Search the listing below for the word "Title" and return each line that contains it.
■ ■ ■ ■
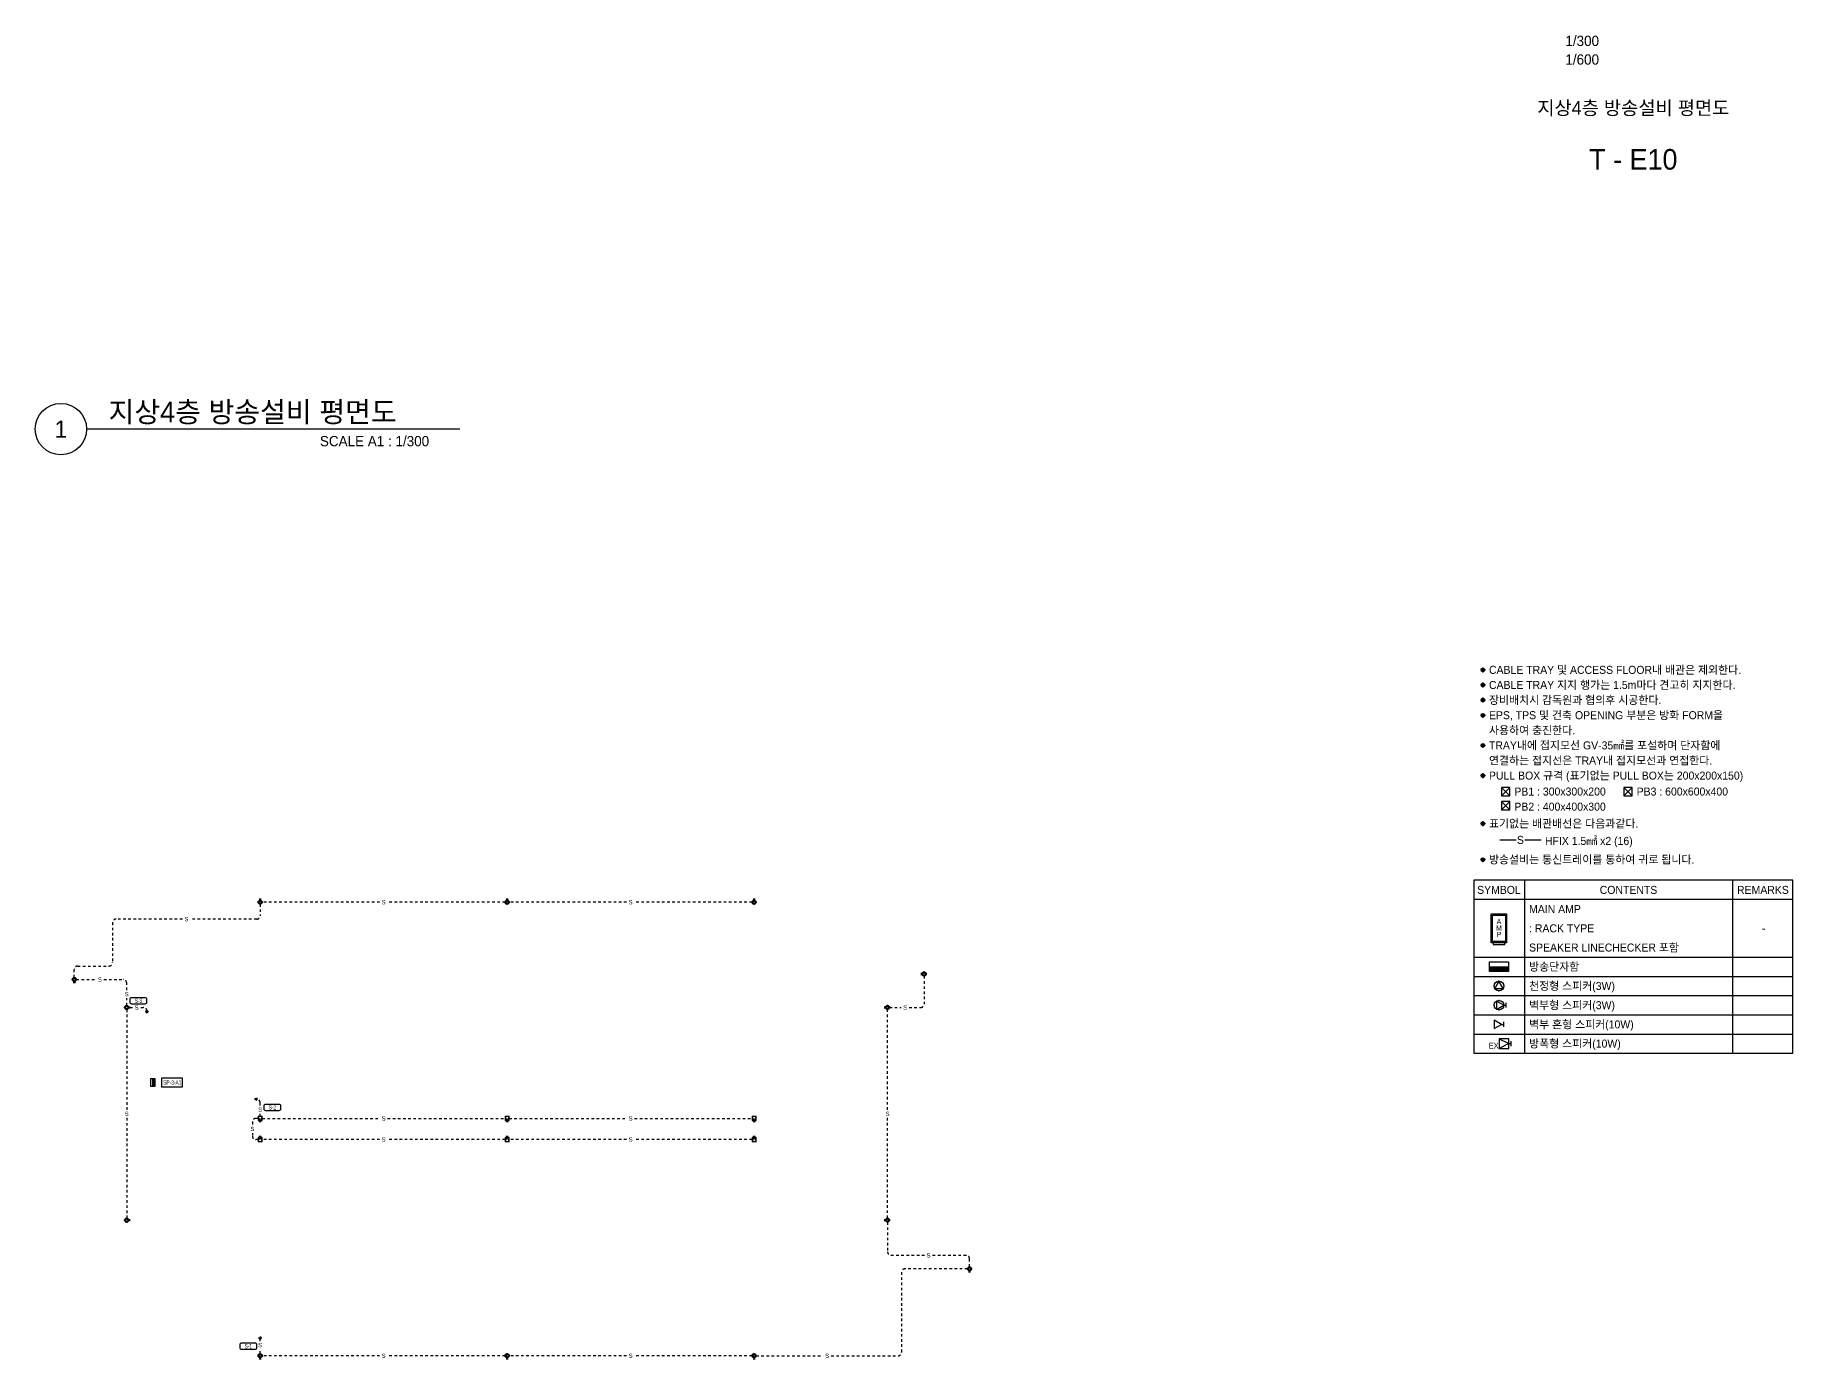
# Model space of a CAD drawing. Header units: millimetres. Extents: x 93478 to 502050, y -351975 to 881490.
# Drawn here: x 93478 to 247200, y 286205 to 401948 of the extents above; entities that cross this region are included whole.
import ezdxf
from ezdxf.enums import TextEntityAlignment as Align

# ---------------------------------------------------------------- set-up
doc = ezdxf.new("R2010")
doc.units = ezdxf.units.MM
doc.header["$LTSCALE"] = 150
doc.set_wipeout_variables(frame=1)
doc.linetypes.add('D1', pattern=[3, 1, -1, 1])
for name, color, linetype in [('------30 Public Address Terminal Board', 3, 'Continuous'), ('------31 Speaker', 3, 'Continuous'), ('-----20 General Symbol', 3, 'Continuous'), ('-----21 Embeded Wire in Ceiling or Wall', 4, 'Continuous'), ('-----23 Concealed or Exposed Wire', 4, 'D1'), ('-----29 Cable Schedule', 1, 'Continuous'), ('-----30 Text', 2, 'Continuous'), ('-----41 Drawing Title', 2, 'Continuous'), ('-----42 Drawing Number', 2, 'Continuous'), ('-----43 Drawing Scale', 3, 'Continuous')]:
    doc.layers.add(name, color=color, linetype=linetype)
doc.styles.add('ELEC', font='')
doc.styles.get('ELEC').set_extended_font_data('Dotum')

# ---------------------------------------------------------------- blocks, each defined once
blk = doc.blocks.new('I05')
blk.add_hatch(color=256).paths.add_polyline_path([(300, 150), (-300, 150), (-300, 0), (300, 0)])
blk.add_line((-300, 150), (300, 150))
blk.add_lwpolyline([(-300, 0), (-300, 300), (300, 300), (300, 0)], close=True)
blk = doc.blocks.new('I04')
for p, q in [((-375, 150), (-75, 0)), ((-75, 0), (-375, -150)), ((-75, 0), (0, 0)), ((0, -75), (0, 75))]:
    blk.add_line(p, q)
blk.add_lwpolyline([(-375, -150), (-75, -150), (-75, 150), (-375, 150)], close=True)
blk = doc.blocks.new('I02')
for p, q in [((-75, 0), (0, 0)), ((0, -75), (0, 75))]:
    blk.add_line(p, q)
blk.add_lwpolyline([(-300, -130), (-75, 0), (-300, 130)], close=True)
at = {"linetype": 'Continuous'}
blk.add_circle((-225, 0), 150, dxfattribs=at)
for p in [(-225, 150), (-375, 0), (-225, -150), (-75, 0)]:
    blk.add_point(p)
blk = doc.blocks.new('O07')
blk.add_lwpolyline([(0, -100), (173, 0), (0, 100)], close=True)
blk = doc.blocks.new('E01-1')
blk.add_lwpolyline([(130, -75), (0, 150), (-130, -75)], close=True)
at = {"linetype": 'Continuous'}
blk.add_circle((0, 0), 150, dxfattribs=at)
for p in [(-150, 0), (0, 150), (150, 0), (0, -150)]:
    blk.add_point(p)
blk = doc.blocks.new('I03')
for p, q in [((-75, 0), (0, 0)), ((0, -75), (0, 75))]:
    blk.add_line(p, q)
blk.add_lwpolyline([(-75, 0), (-300, 130), (-300, -130)], close=True)
blk = doc.blocks.new('I12')
for points in [[(300, 75), (-300, 75), (-300, 1200), (300, 1200)], [(225, 75), (-225, 75), (-225, 0), (225, 0)]]:
    blk.add_lwpolyline(points, close=True)
at = {"color": 1}
blk.add_lwpolyline([(-250, 1150), (250, 1150), (250, 125), (-250, 125)], close=True, dxfattribs=at)
at = {"style": 'ELEC'}
for s, p in [('M', (0, 650)), ('A', (0, 900)), ('P', (0, 400))]:
    blk.add_text(s, height=200, dxfattribs=at).set_placement(p, align=Align.MIDDLE)
blk = doc.blocks.new('A$C9b6ca0ab')
at = {"layer": '-----30 Text'}
h = blk.add_hatch(color=256, dxfattribs=at)
edge = h.paths.add_edge_path()
edge.add_arc((-32211, -9950), 160, 0, 360)
h = blk.add_hatch(color=256, dxfattribs=at)
edge = h.paths.add_edge_path()
edge.add_arc((-32211, -11271), 160, 0, 360)
h = blk.add_hatch(color=256, dxfattribs=at)
edge = h.paths.add_edge_path()
edge.add_arc((-32211, -12592), 160, 0, 360)
h = blk.add_hatch(color=256, dxfattribs=at)
edge = h.paths.add_edge_path()
edge.add_arc((-32211, -13913), 160, 0, 360)
h = blk.add_hatch(color=256, dxfattribs=at)
edge = h.paths.add_edge_path()
edge.add_arc((-32211, -16555), 160, 0, 360)
h = blk.add_hatch(color=256, dxfattribs=at)
edge = h.paths.add_edge_path()
edge.add_arc((-32211, -19196), 160, 0, 360)
h = blk.add_hatch(color=256, dxfattribs=at)
edge = h.paths.add_edge_path()
edge.add_arc((-32211, -23392), 160, 0, 360)
h = blk.add_hatch(color=256, dxfattribs=at)
edge = h.paths.add_edge_path()
edge.add_arc((-32211, -26534), 160, 0, 360)
at = {"layer": '-----20 General Symbol'}
for p, q in [((-29852, -20955), (-30580, -20227)), ((-29852, -20227), (-30580, -20955)), ((-29852, -22202), (-30580, -21474)), ((-29852, -21474), (-30580, -22202)), ((-19157, -20955), (-19885, -20227)), ((-19157, -20227), (-19885, -20955))]:
    blk.add_line(p, q, dxfattribs=at)
for points in [[(-30580, -20227), (-30580, -20955), (-29852, -20955), (-29852, -20227)], [(-30580, -21474), (-30580, -22202), (-29852, -22202), (-29852, -21474)], [(-19885, -20227), (-19885, -20955), (-19157, -20955), (-19157, -20227)]]:
    blk.add_lwpolyline(points, close=True, dxfattribs=at)
at = {"layer": '-----21 Embeded Wire in Ceiling or Wall'}
for p, q in [((-30734, -24820, 0), (-29310, -24820, 0)), ((-28528, -24820, 0), (-27115, -24820, 0))]:
    blk.add_line(p, q, dxfattribs=at)
at = {"layer": '-----30 Text'}
for centre in [(-32211, -9950), (-32211, -11271), (-32211, -12592), (-32211, -13913), (-32211, -16555), (-32211, -19196), (-32211, -23392, 0), (-32211, -26534, 0)]:
    blk.add_circle(centre, 160, dxfattribs=at)
for p in [(-32371, -9950), (-32211, -9790), (-32211, -10110), (-32051, -9950), (-32371, -11271), (-32211, -11111), (-32211, -11431), (-32051, -11271), (-32371, -12592), (-32211, -12432), (-32211, -12752), (-32051, -12592), (-32371, -13913), (-32211, -14073), (-32051, -13913), (-32371, -16555), (-32211, -16714), (-32051, -16555), (-32371, -19196), (-32211, -19037), (-32211, -19356), (-32051, -19196), (-32371, -23392, 0), (-32211, -23232, 0), (-32211, -23552, 0), (-32051, -23392, 0), (-32371, -26534, 0), (-32211, -26694, 0), (-32051, -26534, 0)]:
    blk.add_point(p, dxfattribs=at)
at = {"layer": '-----21 Embeded Wire in Ceiling or Wall', "style": 'ELEC'}
blk.add_text('S', height=700, dxfattribs=at).set_placement((-28925, -24820, 0), align=Align.MIDDLE_CENTER)
at = {"layer": '-----30 Text', "style": 'ELEC'}
for s, p in [('CABLE TRAY 및 ACCESS FLOOR내 배관은 제외한다.', (-31675, -9950)), ('장비배치시 감독원과 협의후 시공한다.', (-31675, -12592)), ('CABLE TRAY 지지 행가는 1.5m마다 견고히 지지한다.', (-31675, -11271)), ('EPS, TPS 및 건축 OPENING 부분은 방화 FORM을', (-31675, -13913)), ('사용하여 충진한다.', (-31675, -15234)), ('TRAY내에 접지모선 GV-35㎟를 포설하며 단자함에', (-31675, -16555)), ('연결하는 접지선은 TRAY내 접지모선과 연접한다.', (-31675, -17876)), ('PULL BOX 규격 (표기없는 PULL BOX는 200x200x150)', (-31675, -19196)), ('PB1 : 300x300x200', (-29455, -20591)), ('PB3 : 600x600x400', (-18761, -20591)), ('표기없는 배관배선은 다음과같다.', (-31675, -23392, 0)), ('PB2 : 400x400x300', (-29455, -21912)), ('HFIX 1.5㎟ x2 (16)', (-26777, -24907, 0)), ('방송설비는 통신트레이를 통하여 귀로 됩니다.', (-31675, -26534, 0))]:
    blk.add_text(s, height=700, dxfattribs=at).set_placement(p, align=Align.MIDDLE_LEFT)
at = {"color": 3}
blk.add_wipeout([(-5100, -28351), (-33000, -28351), (-33000, -43471), (-5100, -43471)], dxfattribs=at).dxf.layer = '-----29 Cable Schedule'
at = {"layer": '-----29 Cable Schedule'}
for p, q in [((-28569, -28351), (-28569, -30031)), ((-10380, -28351), (-10380, -30031)), ((-28569, -30031), (-28569, -43471)), ((-10380, -30031), (-10380, -43471)), ((-33000, -35071), (-5100, -35071)), ((-33000, -36751), (-5100, -36751)), ((-33000, -38431), (-5100, -38431)), ((-33000, -40111), (-5100, -40111)), ((-33000, -41791), (-5100, -41791))]:
    blk.add_line(p, q, dxfattribs=at)
at = {"layer": '-----29 Cable Schedule', "color": 3}
blk.add_line((-5100, -30031), (-33000, -30031), dxfattribs=at)
blk.add_lwpolyline([(-5100, -28351), (-33000, -28351), (-33000, -43471), (-5100, -43471)], close=True, dxfattribs=at)
at = {"layer": '------30 Public Address Terminal Board'}
for name, p, xscale, yscale, zscale in [('I12', (-30802, -33979), 2.240000000000387, 2.240000000000387, 2.240000000000387), ('I05', (-30802, -36331), 2.8, 2.8, 2.8)]:
    blk.add_blockref(name, p, dxfattribs=dict(at, xscale=xscale, yscale=yscale, zscale=zscale))
at = {"layer": '------31 Speaker', "xscale": 2.8, "yscale": 2.8, "zscale": 2.8}
for name, p in [('E01-1', (-30802, -37591)), ('I03', (-30382, -40951)), ('I04', (-29734, -42631))]:
    blk.add_blockref(name, p, dxfattribs=at)
at = {"layer": '-----20 General Symbol', "xscale": 2.8, "yscale": 2.8, "zscale": 2.8}
blk.add_blockref('I02', (-30172, -39271), dxfattribs=at)
at = {"layer": '------31 Speaker', "style": 'ELEC'}
blk.add_text('EX', height=500, dxfattribs=at).set_placement((-31699, -42811), align=Align.MIDDLE_LEFT)
at = {"layer": '-----29 Cable Schedule', "color": 2, "style": 'ELEC'}
for s, p in [('SYMBOL', (-30802, -29191)), ('CONTENTS', (-19474, -29191)), ('REMARKS', (-7716, -29191))]:
    blk.add_text(s, height=700, dxfattribs=at).set_placement(p, align=Align.MIDDLE)
at = {"layer": '-----30 Text', "style": 'ELEC'}
for s, p in [('MAIN AMP', (-28168, -30871)), (': RACK TYPE', (-28168, -32551)), ('SPEAKER LINECHECKER 포함 ', (-28168, -34231)), ('-', (-7813, -32551)), ('방송단자함', (-28168, -35911)), ('천정형 스피커(3W)', (-28168, -37591)), ('벽부형 스피커(3W)', (-28168, -39271)), ('벽부 혼형 스피커(10W)', (-28168, -40951)), ('방폭형 스피커(10W)', (-28168, -42631))]:
    blk.add_text(s, height=700, dxfattribs=at).set_placement(p, align=Align.MIDDLE_LEFT)

msp = doc.modelspace()

# ---------------------------------------------------------------- linework, layer by layer
at = {"layer": '------30 Public Address Terminal Board', "color": 1, "elevation": 0}
msp.add_lwpolyline([(104514, 310740), (104514, 309990), (106354, 309990), (106354, 310740)], close=True, dxfattribs=at)
at = {"layer": '-----23 Concealed or Exposed Wire', "ltscale": 1.5}
for p, q in [((113154, 325955), (113154, 324955)), ((123600, 326135), (113334, 326135)), ((134574, 326135), (124307, 326135)), ((145200, 326135), (134934, 326135)), ((156174, 326135), (145907, 326135)), ((100254, 324355), (100254, 320855)), ((106350, 324655), (100554, 324655)), ((112854, 324655), (107057, 324655)), ((96904, 319555), (96904, 320255)), ((97204, 320555), (99954, 320555)), ((97084, 319375), (98780, 319375)), ((99487, 319375), (101184, 319375)), ((101484, 318446), (101484, 319075)), ((171224, 319675), (171224, 317230)), ((101484, 317110), (101484, 317739)), ((101484, 316750), (101484, 307984)), ((101754, 316930), (102000, 316930)), ((102707, 316930), (102954, 316930)), ((168024, 307984), (168024, 316750)), ((168204, 316930), (169210, 316930)), ((169917, 316930), (170924, 316930)), ((103254, 316630), (103254, 316430)), ((112854, 308905), (112654, 308905)), ((113154, 308359), (113154, 308605)), ((113154, 307405), (113154, 307651)), ((101484, 307276), (101484, 298510)), ((112474, 306925), (112474, 306659)), ((112474, 305951), (112474, 305685)), ((112974, 307225), (112774, 307225)), ((113334, 307225), (123600, 307225)), ((124307, 307225), (134574, 307225)), ((134934, 307225), (145200, 307225)), ((145907, 307225), (156174, 307225)), ((168024, 298510), (168024, 307276)), ((112974, 305385), (112774, 305385)), ((123600, 305385), (113334, 305385)), ((134574, 305385), (124307, 305385)), ((145200, 305385), (134934, 305385)), ((156174, 305385), (145907, 305385)), ((168024, 298150), (168024, 295555)), ((171256, 295255), (168324, 295255)), ((174896, 295255), (171964, 295255)), ((169254, 293775), (169254, 286775)), ((175016, 294075), (169554, 294075)), ((175196, 294255), (175196, 294955)), ((113154, 287759), (113154, 288155)), ((113154, 286655), (113154, 287051)), ((123600, 286475), (113334, 286475)), ((134574, 286475), (124307, 286475)), ((145200, 286475), (134934, 286475)), ((156174, 286475), (145907, 286475)), ((156534, 286475), (162390, 286475)), ((163097, 286475), (168954, 286475))]:
    msp.add_line(p, q, dxfattribs=at)
for centre, start, end in [((100554, 324355), 90, 180), ((112854, 324955), 270, 0), ((97204, 320255), 90, 180), ((99954, 320855), 270, 0), ((101184, 319075), 0, 90), ((102954, 316630), 0, 90), ((170924, 317230), 270, 0), ((112854, 308605), 0, 90), ((112774, 306925), 90, 180), ((112774, 305685), 180, 270), ((168324, 295555), 180, 270), ((174896, 294955), 0, 90), ((169554, 293775), 90, 180), ((168954, 286775), 270, 0)]:
    msp.add_arc(centre, 300, start, end, dxfattribs=at)
at = {"layer": '-----41 Drawing Title', "color": 7}
msp.add_line((130622, 367500), (97978, 367500), dxfattribs=at)
msp.add_circle((95728, 367500), 2250, dxfattribs=at)
at = {"color": 1, "linetype": 'Continuous', "elevation": 0}
for points in [[(101754, 317405, 0.4142136), (101904, 317255), (103104, 317255, 0.4142136), (103254, 317405), (103254, 317630, 0.4142136), (103104, 317780), (101904, 317780, 0.4142136), (101754, 317630)], [(113476, 308079, 0.4142136), (113626, 307929), (114826, 307929, 0.4142136), (114976, 308079), (114976, 308304, 0.4142136), (114826, 308454), (113626, 308454, 0.4142136), (113476, 308304)], [(111369, 287200, 0.4142136), (111519, 287050), (112719, 287050, 0.4142136), (112869, 287200), (112869, 287425, 0.4142136), (112719, 287575), (111519, 287575, 0.4142136), (111369, 287425)]]:
    msp.add_lwpolyline(points, format="xyb", close=True, dxfattribs=at)

# ---------------------------------------------------------------- block references
at = {"layer": '------30 Public Address Terminal Board', "xscale": 1.2, "yscale": 1.2, "zscale": 1.2, "rotation": 90}
msp.add_blockref('I05', (103954, 310365), dxfattribs=at)
at = {"layer": '------31 Speaker', "xscale": 1.2, "yscale": 1.2, "zscale": 1.2}
for name, p, rotation in [('I02', (113154, 326405), 90), ('I02', (134754, 326405), 90), ('I02', (156354, 326405), 90), ('I02', (170954, 319855), 180), ('I02', (96904, 319105), 270), ('I02', (167754, 316930), 180), ('I04', (113154, 306955), 270), ('I04', (134754, 306955), 270), ('I04', (156354, 306955), 270), ('I04', (113154, 305655), 89.99999999999999), ('I04', (134754, 305655), 89.99999999999999), ('I04', (156354, 305655), 89.99999999999999), ('I02', (167754, 298330), 180), ('I02', (175196, 293805), 270), ('I02', (113154, 286205), 270), ('I02', (134754, 286205), 270), ('I02', (156354, 286205), 270)]:
    msp.add_blockref(name, p, dxfattribs=dict(at, rotation=rotation))
for p in [(101754, 316930), (101754, 298330)]:
    msp.add_blockref('I02', p, dxfattribs=at)
at = {"layer": '-----23 Concealed or Exposed Wire', "ltscale": 1.5, "xscale": -1.2, "yscale": 1.2, "zscale": 1.2}
for p, rotation in [((103254, 316638), 90), ((113154, 287947), 270)]:
    msp.add_blockref('O07', p, dxfattribs=dict(at, rotation=rotation))
msp.add_blockref('O07', (112861, 308905), dxfattribs=at)
at = {"layer": '-----29 Cable Schedule'}
msp.add_blockref('A$C9b6ca0ab', (252300, 356400), dxfattribs=at)

# ---------------------------------------------------------------- texts
at = {"layer": '------30 Public Address Terminal Board', "style": 'ELEC', "width": 0.7}
msp.add_text('SP-3-A1', height=375, dxfattribs=at).set_placement((105472, 310365), align=Align.MIDDLE_CENTER)
at = {"layer": '-----23 Concealed or Exposed Wire', "ltscale": 1.5, "style": 'ELEC'}
for p in [(123954, 326135), (145554, 326135), (106704, 324655), (99134, 319375, 0), (101484, 318093), (102354, 316930), (169564, 316930), (101484, 307630), (113154, 308005), (168024, 307630, 0), (112474, 306305), (123954, 307225), (145554, 307225), (123954, 305385), (145554, 305385), (171610, 295255), (113154, 287405), (123954, 286475), (145554, 286475), (162744, 286475)]:
    msp.add_text('S', height=375, dxfattribs=at).set_placement(p, align=Align.MIDDLE_CENTER)
at = {"layer": '-----41 Drawing Title', "style": 'ELEC'}
msp.add_text('지상4층 방송설비 평면도', height=1200, dxfattribs=at).set_placement((233250, 395590), align=Align.MIDDLE_CENTER)
at = {"layer": '-----41 Drawing Title', "color": 2, "style": 'ELEC'}
msp.add_text('지상4층 방송설비 평면도', height=1800, dxfattribs=at).set_placement((99895, 368100))
at = {"layer": '-----41 Drawing Title', "color": 7, "style": 'ELEC'}
msp.add_text('1', height=1500, dxfattribs=at).set_placement((95728, 367500), align=Align.MIDDLE)
at = {"layer": '-----41 Drawing Title', "style": 'ELEC'}
msp.add_text('SCALE A1 : 1/300', height=900, dxfattribs=at).set_placement((127937, 366000), align=Align.RIGHT)
at = {"layer": '-----42 Drawing Number', "style": 'ELEC'}
msp.add_text('T - E10', height=1800, dxfattribs=at).set_placement((233250, 391090), align=Align.MIDDLE_CENTER)
at = {"layer": '-----43 Drawing Scale', "style": 'ELEC'}
for s, p in [('1/300', (228779, 401450)), ('1/600', (228779, 399820))]:
    msp.add_text(s, height=900, dxfattribs=at).set_placement(p, align=Align.MIDDLE_CENTER)
at = {"linetype": 'Continuous', "style": 'ELEC', "width": 0.7}
for s, p in [('S-3', (102504, 317518)), ('S-2', (114226, 308191)), ('S-1', (112119, 287313))]:
    msp.add_text(s, height=375, dxfattribs=at).set_placement(p, align=Align.MIDDLE)

doc.saveas('drawing.dxf')
■ ■ ■ ■
### RESPONSE TO THE TASK
for name, color, linetype in [('------30 Public Address Terminal Board', 3, 'Continuous'), ('------31 Speaker', 3, 'Continuous'), ('-----20 General Symbol', 3, 'Continuous'), ('-----21 Embeded Wire in Ceiling or Wall', 4, 'Continuous'), ('-----23 Concealed or Exposed Wire', 4, 'D1'), ('-----29 Cable Schedule', 1, 'Continuous'), ('-----30 Text', 2, 'Continuous'), ('-----41 Drawing Title', 2, 'Continuous'), ('-----42 Drawing Number', 2, 'Continuous'), ('-----43 Drawing Scale', 3, 'Continuous')]:
at = {"layer": '-----41 Drawing Title', "color": 7}
at = {"layer": '-----41 Drawing Title', "style": 'ELEC'}
at = {"layer": '-----41 Drawing Title', "color": 2, "style": 'ELEC'}
at = {"layer": '-----41 Drawing Title', "color": 7, "style": 'ELEC'}
at = {"layer": '-----41 Drawing Title', "style": 'ELEC'}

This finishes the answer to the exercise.